Qu’on rassemble tout ça dans un godet, qu’on secoue et qu’on jette les dés, et on conçoit bien qu’à l’arrivée, le jour de l’examen, malgré toute la bienveillance manifestée par les professeurs (et Dieu sait s’ils en mettent, les professeurs, de la bienveillance et de la compréhension !), en particulier celui d’histoire, son examinateur direct, l’échec soit inévitable. Et on conçoit tout aussi bien qu’il soit ensuite impossible à Abel, face à son père, de reconnaître qu’il est le responsable de ce résultat désastreux. Et le jeune homme de se mettre à mentir en accusant son professeur de l’avoir scandaleusement sacqué parce qu’il portait au revers de sa veste un pin’s patriotique qui l’a fait passer pour un partisan d’Orban.

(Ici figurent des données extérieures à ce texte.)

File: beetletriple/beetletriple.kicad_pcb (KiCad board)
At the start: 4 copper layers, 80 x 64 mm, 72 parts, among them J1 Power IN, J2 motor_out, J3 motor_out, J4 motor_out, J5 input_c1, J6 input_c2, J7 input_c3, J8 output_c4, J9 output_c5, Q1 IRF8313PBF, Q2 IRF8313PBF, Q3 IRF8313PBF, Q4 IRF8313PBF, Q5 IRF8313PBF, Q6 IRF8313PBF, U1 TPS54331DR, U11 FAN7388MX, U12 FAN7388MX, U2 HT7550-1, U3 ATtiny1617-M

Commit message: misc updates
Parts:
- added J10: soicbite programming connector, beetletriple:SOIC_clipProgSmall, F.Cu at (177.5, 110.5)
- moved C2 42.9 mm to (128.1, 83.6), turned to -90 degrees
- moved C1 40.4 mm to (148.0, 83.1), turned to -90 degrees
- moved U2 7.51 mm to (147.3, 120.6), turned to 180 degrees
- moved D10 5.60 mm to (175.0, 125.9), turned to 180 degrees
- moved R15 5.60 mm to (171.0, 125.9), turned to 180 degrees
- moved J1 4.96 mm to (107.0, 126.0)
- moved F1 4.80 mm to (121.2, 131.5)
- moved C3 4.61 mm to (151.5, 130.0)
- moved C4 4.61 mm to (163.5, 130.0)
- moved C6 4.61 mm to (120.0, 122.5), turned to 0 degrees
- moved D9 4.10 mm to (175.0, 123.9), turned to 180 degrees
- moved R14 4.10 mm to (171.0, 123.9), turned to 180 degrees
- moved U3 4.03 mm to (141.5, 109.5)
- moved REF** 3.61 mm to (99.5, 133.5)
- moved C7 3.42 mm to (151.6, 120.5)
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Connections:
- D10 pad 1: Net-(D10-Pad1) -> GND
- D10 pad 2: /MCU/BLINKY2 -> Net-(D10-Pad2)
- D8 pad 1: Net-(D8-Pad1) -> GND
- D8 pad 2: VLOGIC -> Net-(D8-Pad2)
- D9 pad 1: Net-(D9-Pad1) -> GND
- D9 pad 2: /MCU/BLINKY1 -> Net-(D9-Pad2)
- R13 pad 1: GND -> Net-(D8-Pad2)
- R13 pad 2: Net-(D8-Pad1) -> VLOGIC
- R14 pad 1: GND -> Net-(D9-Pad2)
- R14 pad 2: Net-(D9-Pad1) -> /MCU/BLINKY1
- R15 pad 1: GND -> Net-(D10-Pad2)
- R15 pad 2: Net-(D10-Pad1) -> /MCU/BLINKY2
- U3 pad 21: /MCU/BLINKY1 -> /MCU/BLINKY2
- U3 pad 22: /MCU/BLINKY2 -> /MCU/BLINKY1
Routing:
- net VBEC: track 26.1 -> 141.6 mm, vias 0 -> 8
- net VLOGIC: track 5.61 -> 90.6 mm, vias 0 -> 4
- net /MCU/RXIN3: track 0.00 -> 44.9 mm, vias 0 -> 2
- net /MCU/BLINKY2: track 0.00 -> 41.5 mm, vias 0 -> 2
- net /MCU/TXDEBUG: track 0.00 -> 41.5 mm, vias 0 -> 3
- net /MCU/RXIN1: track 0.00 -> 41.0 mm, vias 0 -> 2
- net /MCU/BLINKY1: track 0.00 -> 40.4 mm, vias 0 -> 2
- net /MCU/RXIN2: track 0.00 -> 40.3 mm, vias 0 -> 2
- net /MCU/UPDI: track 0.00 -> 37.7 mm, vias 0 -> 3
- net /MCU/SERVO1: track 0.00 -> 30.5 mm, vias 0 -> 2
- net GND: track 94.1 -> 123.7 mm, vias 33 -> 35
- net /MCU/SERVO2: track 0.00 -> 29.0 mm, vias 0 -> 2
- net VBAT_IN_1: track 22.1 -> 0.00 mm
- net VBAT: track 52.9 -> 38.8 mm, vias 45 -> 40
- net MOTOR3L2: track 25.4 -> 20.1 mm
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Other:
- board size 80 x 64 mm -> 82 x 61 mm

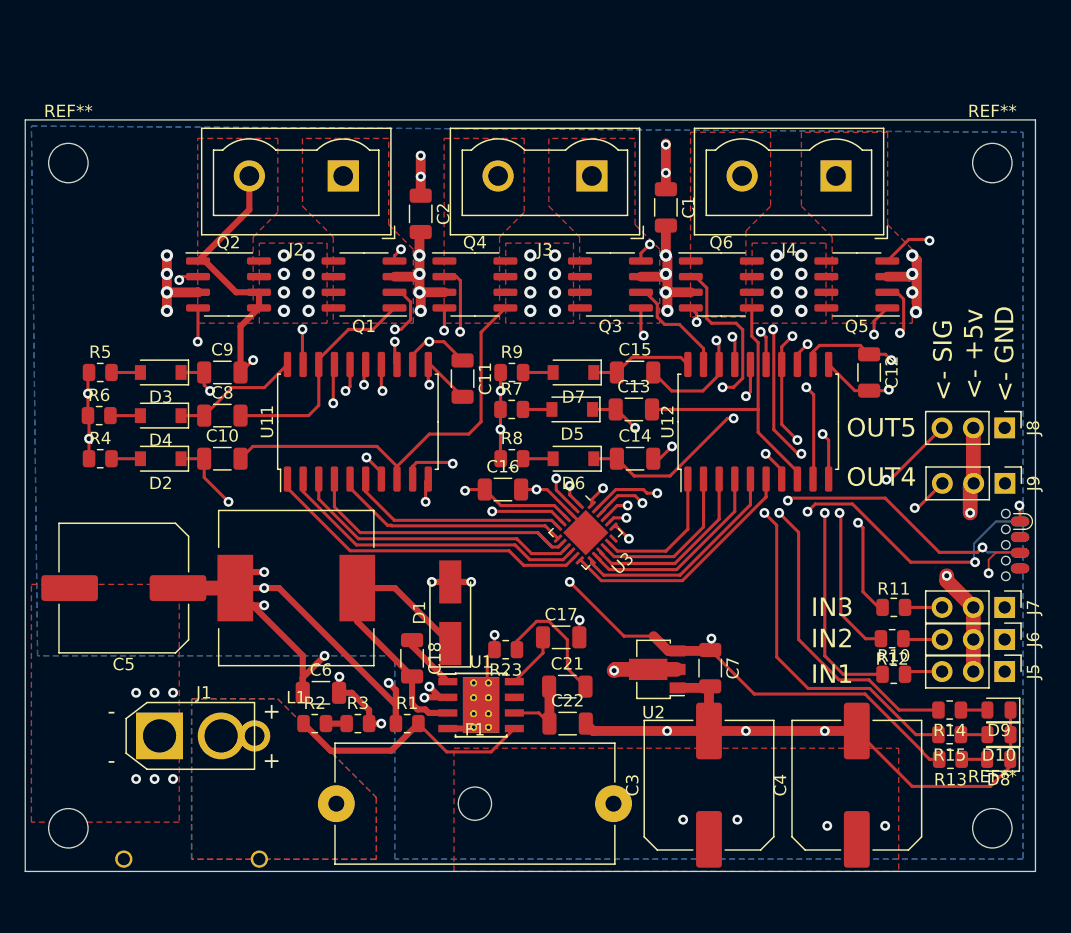
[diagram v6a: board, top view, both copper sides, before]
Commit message: Shunt current sensor. Many improvements, layout updates
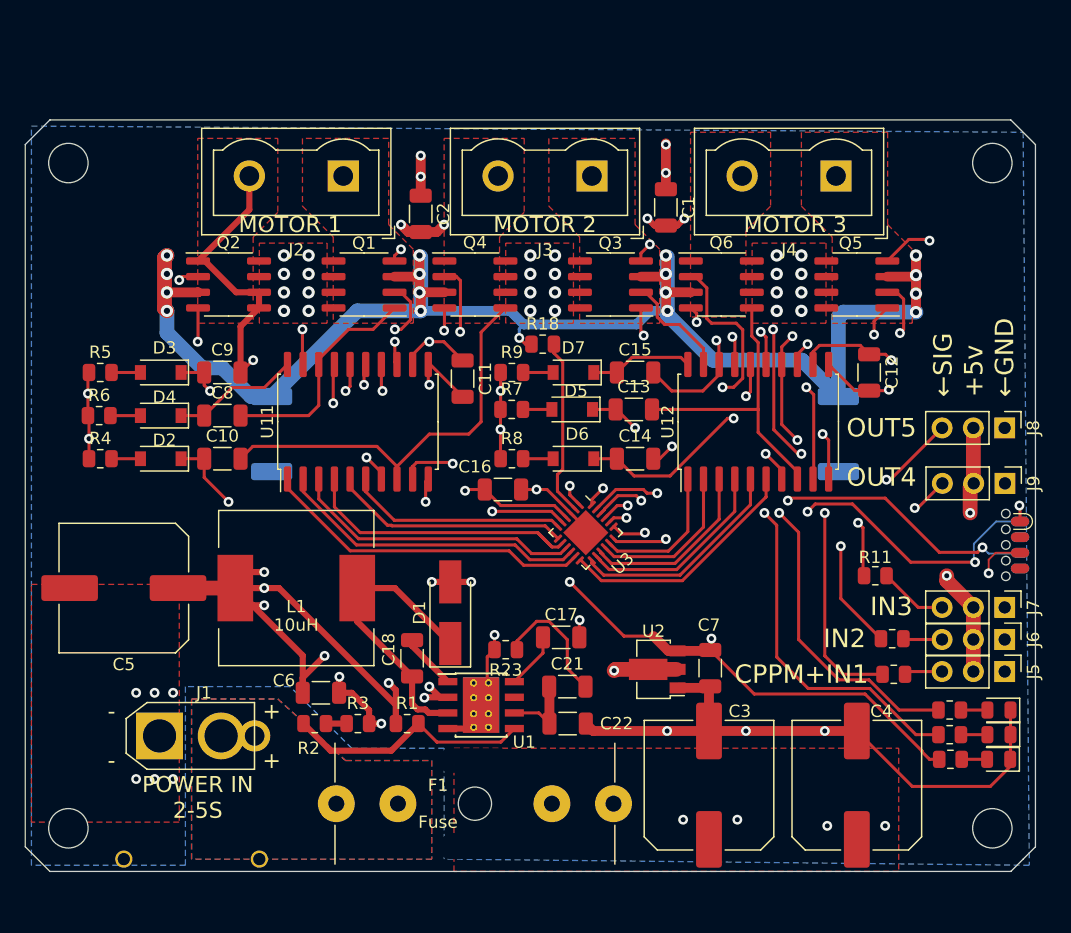
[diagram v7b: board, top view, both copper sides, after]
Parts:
- added R16: 0.01R shunt, Resistor_SMD:R_2512_6332Metric_Pad1.40x3.35mm_HandSolder, B.Cu at (162.0, 101.5)
- added R17: 0.01R shunt, Resistor_SMD:R_2512_6332Metric_Pad1.40x3.35mm_HandSolder, B.Cu at (116.0, 101.5)
- added R18: 1.5k, Resistor_SMD:R_0805_2012Metric, F.Cu at (138.0, 94.2)
- F1: footprint Fuse:Fuseholder_Cylinder-5x20mm_Schurter_0031_8201_Horizontal_Open -> beetletriple:fuseholder_flexible
- moved R11 2.98 mm to (165.0, 113.0)
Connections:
- Q1 pad 3: GND -> /Drivers/GNDSHUNT
- Q2 pad 3: GND -> /Drivers/GNDSHUNT
- Q3 pad 3: GND -> /Drivers/GNDSHUNT
- Q4 pad 3: GND -> /Drivers/GNDSHUNT
- Q5 pad 3: GND -> /Drivers/GNDSHUNT
- Q6 pad 3: GND -> /Drivers/GNDSHUNT
- U3 pad 18: unconnected-(U3-Pad18) -> /MCU/RXIN2
- U3 pad 2: /MCU/RXIN2 -> CURRENTSENSE
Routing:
- net /Drivers/GNDSHUNT: track 0.00 -> 130.4 mm, vias 0 -> 17
- net GND: track 123.7 -> 95.6 mm, vias 35 -> 23
- net CURRENTSENSE: track 0.00 -> 14.5 mm
- net /MCU/RXIN2: track 40.3 -> 27.7 mm
- net /MCU/RXIN3: track 44.9 -> 41.4 mm
- net Net-(J7-Pad3): track 3.01 -> 5.57 mm
- net /Power/REG_SENSE: track 20.7 -> 20.0 mm
- added copper zone on B.Cu, net GND
- added copper zone on In1.Cu, net VBAT
- removed copper zone on In1.Cu, net GND
- removed copper zone on In2.Cu, net GND
- removed copper zone on B.Cu, net VBAT
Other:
- outline, holes or cut-outs redrawn
- board text added: "+5v"
- board text added: "CPPM+IN1"
- board text added: "Fuse"
- board text added: "MOTOR 1"
- board text added: "MOTOR 2"
- board text added: "MOTOR 3"
- board text added: "POWER IN 2-5S"
- board text added: "←GND"
- board text added: "←SIG"
- board text removed: "<- +5v"
- board text removed: "<- GND"
- board text removed: "<- SIG"
- board text removed: "IN1"

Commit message: add lcsc part numbers
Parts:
- D9: value Red -> Green

On ne plaisante pas avec la liberté d’opinion, et le père d’Abel va monter au créneau, et le proviseur va monter au créneau, et tout le monde va monter au créneau, cette fois le « pas de vagues » se transforme en tempête médiatique, avec une crête de la vague tirée encore plus haut par une jeune journaliste aux dents longues qui trouve dans cette affaire l’occasion rêvée de passer de pigiste à pro et aligne des »Unes » que toute la Hongrie s’arrache. […]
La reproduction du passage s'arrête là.